In this aspect, I believe conservatives are failing a major public relations battle.  Within the past sixty years, as the left has marketed itself as the locus of racial and cultural reconciliation and unity, the right has been spending its time and resources combating accusations of bigotry, racism, and all kinds of other malicious slander which has more to do with politics than reality. 

Yet some conservatives have begun combating these accusations by pretending that identity doesn't matter so much and that people who think it does are "intolerant."  But does identity matter?  And if conservatives are going to win the battle against the left, can they necessarily do so under such a big tent?

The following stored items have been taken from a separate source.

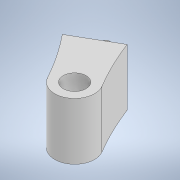
# Autodesk Inventor part: screw in stablity
Saved by Autodesk Inventor 2020 (Build 240168000, 168)
## iProperties
Created: 2019-07-11
Part Number: screw in stablity
Material: Generic
Document SubType Name: Modeling
Designer: ColinP
Density: 1 g/cm^3
Appearance: Default
Author: ColinP
Autodesk Inventor part; units mm, degrees
ref_plane "YZ Plane" through (0, 0, 0) normal (1, 0, 0) x (0, 1, 0)
ref_plane "XZ Plane" through (0, 0, 0) normal (0, 1, 0) x (-1, 0, 0)
ref_plane "XY Plane" through (0, 0, 0) normal (0, 0, 1) x (1, 0, 0)
sketch "Sketch1" plane through (0, 0, 0) normal (0, 1, 0) x (-1, 0, 0)
  line L0 (0, 0) -> (28.575, 0)
  line L1 (28.575, 0) -> (0, 0)
  line L2 (0, 0) -> (-14.2875, -24.7467)
  line L3 (0, 0) -> (28.575, 0) construction
  line L4 (0, 0) -> (-14.2875, 24.7467)
  line L5 (0, 0) -> (28.575, 0) construction
  circle A0 centre (28.575, 0) radius 2.54
  circle A1 centre (-14.2875, -24.7467) radius 2.54
  circle A2 centre (-14.2875, 24.7467) radius 2.54
  circle A3 centre (0, 0) radius 3.175
  dimension "d0" = 28.575
  dimension "d1" = 28.575
  dimension "d2" = 120
  dimension "d3" = 28.575
  dimension "d4" = 120
  dimension "d5" = 5.08
  dimension "d6" = 5.08
  dimension "d7" = 5.08
  dimension "d9" = 6.35
  constraints: 12 end point, 4 centre point, 4 coincident, 3 horizontal, 2 equal length, 1 collinear
  measures "d0" distance of L0.start L0.end
  measures "d1" distance of L0.start L2.end
  measures "d2" angle of L2 L3
  measures "d3" distance of L0.start L4.end
  measures "d4" angle of L5 L4
  measures "d5" diameter of A0
  measures "d6" diameter of A1
  measures "d7" diameter of A2
  measures "d9" diameter of A3
sketch "Sketch2" plane through (0, 0, 0) normal (0, 1, 0) x (-1, 0, 0)
  circle A0 centre (28.575, 0) radius 2.54 projected
  circle A1 centre (-14.2875, -24.7467) radius 2.54 projected
  circle A2 centre (-14.2875, 24.7467) radius 2.54 projected
  circle A3 centre (28.575, 0) radius 4.445
  circle A4 centre (-14.2875, -24.7467) radius 4.445
  circle A5 centre (-14.2875, 24.7467) radius 4.445
  circle A6 centre (0, 0) radius 6.35
  circle A7 centre (0, 0) radius 9.525
  line L0 (28.575, 4.445) -> (28.575, -4.445)
  line L1 (-14.2875, 24.7467) -> (0, 0)
  line L2 (0, 0) -> (-14.2875, 24.7467)
  line L3 (-14.2875, 24.7467) -> (-10.438, 26.9692)
  line L4 (-14.2875, 24.7467) -> (-18.137, 22.5242)
  line L5 (0, 0) -> (-14.2875, -24.7467)
  line L6 (-10.438, -26.9692) -> (-14.2875, -24.7467)
  line L7 (-18.137, -22.5242) -> (-14.2875, -24.7467)
  arc A8 (4.7625, 8.2489) -> (28.575, 4.445) centre (26.9969, 71.0017) ccw
  arc A9 (28.575, -4.445) -> (4.7625, -8.2489) centre (26.881, -70.2762) ccw
  arc A10 (4.7625, -8.2489) -> (-10.438, -26.9692) centre (47.4204, -58.4177) ccw
  arc A11 (-18.137, -22.5242) -> (-9.525, 0) centre (-74.3014, 11.8584) ccw
  arc A12 (-9.525, 0) -> (-18.137, 22.5242) centre (-78.365, -13.4121) ccw
  arc A13 (-10.438, 26.9692) -> (4.7625, 8.2489) centre (47.4204, 58.4177) ccw
  arc A14 (-3.702, 16.9073) -> (16.4951, 5.2598) centre (24.8224, 43.0343) ccw
  arc A15 (16.4931, -5.2477) -> (-3.702, -16.9073) centre (24.8816, -43.0963) ccw
  line L8 (-9.525, 0) -> (-10.9982, 0)
  arc A16 (-12.7912, -11.6596) -> (-12.8557, 11.635) centre (-49.0728, -0.1126) ccw
  dimension "d10" = 8.89
  dimension "d11" = 8.89
  dimension "d12" = 8.89
  dimension "d13" = 12.7
  dimension "d14" = 19.05
  dimension "d15" = 1.4732
  constraints: 31 point on circle, 18 end point, 14 centre point, 5 coincident, 3 perpendicular, 1 collinear, 1 horizontal, 1 line through centre, 1 point on line, 1 vertical
  measures "d10" diameter of A3
  measures "d11" diameter of A4
  measures "d12" diameter of A5
  measures "d13" diameter of A6
  measures "d14" diameter of A7
  measures "d15" distance of L8.start L8.end
extrude "Extrusion1" add sketch "Sketch2" along normal blind 12.7 contours A0 L0 A3 | A0 L0 A9 A7 A8 | L6 A1 L5 A4 | A11 A7 L5 A4 | L4 A2 L1 A5 | A13 A7 L1 A5 | A8 A13 A14 | A15 A10 A9 | A7 L5 A6 L1 | A4 L7 A1 L6 | A10 A4 L5 A7 | L1 A6 L5 A7 | A5 L3 A2 L4 | A7 A12 A5 L1 | A5 L1 A2 L3 | L8 A16 A12 | A11 A16 L8 | L1 L5 A6 | A6 L5 L1 | L5 A1 L7 A4
hole "Hole1" at (0, 0, 0) direction (0, 1, 0) diameter 6.35 end through all
sketch "Sketch3" plane through (0, 12.7, 0) normal (0, 1, 0) x (1, 0, 0)
  circle A0 centre (0, 0) radius 3.175 projected
  constraints: 1 coincident
hole "Hole2" at (0, 12.7, 0) direction (0, -1, 0) diameter 6.604 end through all
sketch "Sketch4" plane through (0, 12.7, 0) normal (0, 1, 0) x (1, 0, 0)
  circle A0 centre (-10.3993, 5.2212) radius 3.175 projected
  circle A1 centre (-10.8149, -4.2948) radius 3.175 projected
  point P0 (0, 0)
hole "Hole3" at (-10.3993, 12.7, -5.2212) at (-10.8149, 12.7, 4.2948) direction (0, -1, 0) diameter 6.35 depth 162.56
sketch "Sketch5" plane through (0, 12.7, 0) normal (0, 1, 0) x (1, 0, 0)
  arc A0 (-16.4951, -5.2598) -> (-28.575, -4.445) centre (-26.9969, -71.0017) ccw projected
  arc A1 (-28.575, 4.445) -> (-16.4931, 5.2477) centre (-26.881, 70.2762) ccw projected
  line L0 (-16.4951, -5.2598) -> (-16.4931, 5.2477)
  arc A2 (10.438, -26.9692) -> (3.702, -16.9073) centre (-47.4204, -58.4177) ccw projected
  arc A3 (12.8557, -11.635) -> (18.137, -22.5242) centre (78.365, 13.4121) ccw projected
  line L1 (3.702, -16.9073) -> (12.8557, -11.635)
  arc A4 (18.137, 22.5242) -> (12.7912, 11.6596) centre (74.3014, -11.8584) ccw projected
  arc A5 (3.702, 16.9073) -> (10.438, 26.9692) centre (-47.4204, 58.4177) ccw projected
  line L2 (12.7912, 11.6596) -> (3.702, 16.9073)
  arc A6 (18.137, 22.5242) -> (10.438, 26.9692) centre (14.2875, 24.7467) ccw projected
  arc A7 (-28.575, 4.445) -> (-28.575, -4.445) centre (-28.575, 0) ccw projected
  point P0 (0, 0)
  constraints: 6 end point
sketch "Sketch6" plane through (0, 12.7, 0) normal (0, 1, 0) x (1, 0, 0)
  arc A0 (-13.4646, 6.0485) -> (-8.668, 7.8826) centre (-10.3993, 5.2212) ccw projected
  line L0 (-10.3993, 5.2212) -> (-7.2243, 5.2212)
  line L1 (-10.3993, 5.2212) -> (-13.5743, 5.2212)
  line L2 (-13.5743, 5.2212) -> (-13.5743, 8.7596)
  line L3 (-13.5743, 8.7596) -> (-7.2855, 8.8652)
  line L4 (-7.2855, 8.8652) -> (-7.2243, 5.2212)
  arc A1 (-9.9167, -7.3401) -> (-13.4529, -6.0614) centre (-10.8149, -4.2948) ccw projected
  line L5 (-10.8149, -4.2948) -> (-13.9899, -4.2948)
  line L6 (-13.9899, -4.2948) -> (-13.9899, -9.3241)
  line L7 (-10.8149, -4.2948) -> (-7.6399, -4.2948)
  line L8 (-7.6399, -4.2948) -> (-7.6399, -9.0772)
  line L9 (-7.6399, -9.0772) -> (-13.9899, -9.3241)
  point P0 (0, 0)
  constraints: 20 end point, 4 point on circle, 3 horizontal, 3 vertical, 2 tangent, 1 perpendicular, 1 point on line
extrude "Extrusion2" cut sketch "Sketch6" against normal blind 25.4 contours L2 L3 L4 L0 L1 | L8 L9 L6 L5 L7
sketch "Sketch7" plane through (0, 12.7, 0) normal (0, 1, 0) x (1, 0, 0)
  arc A0 (12.7912, 11.6596) -> (12.8557, -11.635) centre (49.0728, 0.1126) ccw projected
  arc A1 (12.7912, 11.6596) -> (12.8557, -11.635) centre (49.0728, 0.1126) ccw
  arc A2 (-7.2803, 8.5554) -> (3.702, 16.9073) centre (-24.8816, 43.0963) ccw projected
  arc A3 (-16.4931, 5.2477) -> (3.702, 16.9073) centre (-24.8816, 43.0963) ccw
  arc A4 (-13.9899, -5.9006) -> (-16.4951, -5.2598) centre (-24.8224, -43.0343) ccw projected
  arc A5 (3.702, -16.9073) -> (-16.4951, -5.2598) centre (-24.8224, -43.0343) ccw
  arc A6 (-28.575, 4.445) -> (-16.4931, 5.2477) centre (-26.881, 70.2762) ccw projected
  line L0 (-16.4931, 5.2477) -> (-16.4951, -5.2598)
  line L1 (3.702, -16.9073) -> (12.8557, -11.635)
  line L2 (3.702, 16.9073) -> (12.7912, 11.6596)
  point P0 (0, 0)
  point P1 (-7.2803, 8.5554)
  point P2 (-13.9899, -5.9006)
  constraints: 6 end point, 6 point on circle, 3 centre point
extrude "Extrusion3" cut sketch "Sketch7" against normal blind 25.4
extrude "Extrusion4" cut sketch "Sketch5" against normal blind 25.4
sketch "Sketch9" plane through (3.702, 0, 16.9073) normal (-0.4991072, 0, -0.8665403) x (-0.8665403, 0, 0.4991072)
  line L0 (0, 0) -> (0, 12.7) projected
  line L1 (0, 6.35) -> (-10.5635, 6.35)
  line L2 (-10.5635, 0) -> (-10.5635, 12.7) projected
  line L3 (-7.8001, 12.7) -> (-2.7201, 12.7) projected
  line L4 (-5.2601, 12.7) -> (-5.2307, 0)
  circle A0 centre (-5.2454, 6.35) radius 1.0065
  dimension "d45" = 2.013
  constraints: 4 end point, 4 midpoint, 1 centre point, 1 coincident
  measures "d45" diameter of A0
extrude "Extrusion5" add sketch "Sketch9" along normal blind 7.5946
thread "Thread1" size "M2.5x0.45" class "6g" standard "ISO Metric profile" full length
body "Solid1"

An interesting answer exists in the writings of John Locke.  In his Second Treatise of Government, chapter IX, Locke writes that although we many times view mankind as a series of nations and races and peoples and tribes, we really exist as one distinct community under our Creator and the authority of natural law.  Within the parameters of this so-called Natural Law -- the innate understanding of what it means to cheat, to steal, to murder, to rape, to assault, and to lie, as well as to bless, to protect, to shelter, and to nurture -- humankind would have found its ideal unity.  But none were content to live under the Law's boundaries, instead preferring to transgress it in every way imaginable, forcing others into distinctive groups out of self-protection. 

Had we kept ourselves under the total authority of our Creator, perhaps we might have still retained a uniform understanding of morality and thus been able to consolidate our resources and communities more easily.  But as time progressed and we became increasingly autonomous, being further removed from our natural circumstances, we found that humans were forming their laws around particular preferences.  What would be considered thievery in one nation would be considered taxation in another.  What would be considered murder in one nation would be considered acceptable and necessary revenge in another.  And so humanity diverged according to rights, although these rights still revolved -- and continue to revolve -- around the stone backbone of Natural Law.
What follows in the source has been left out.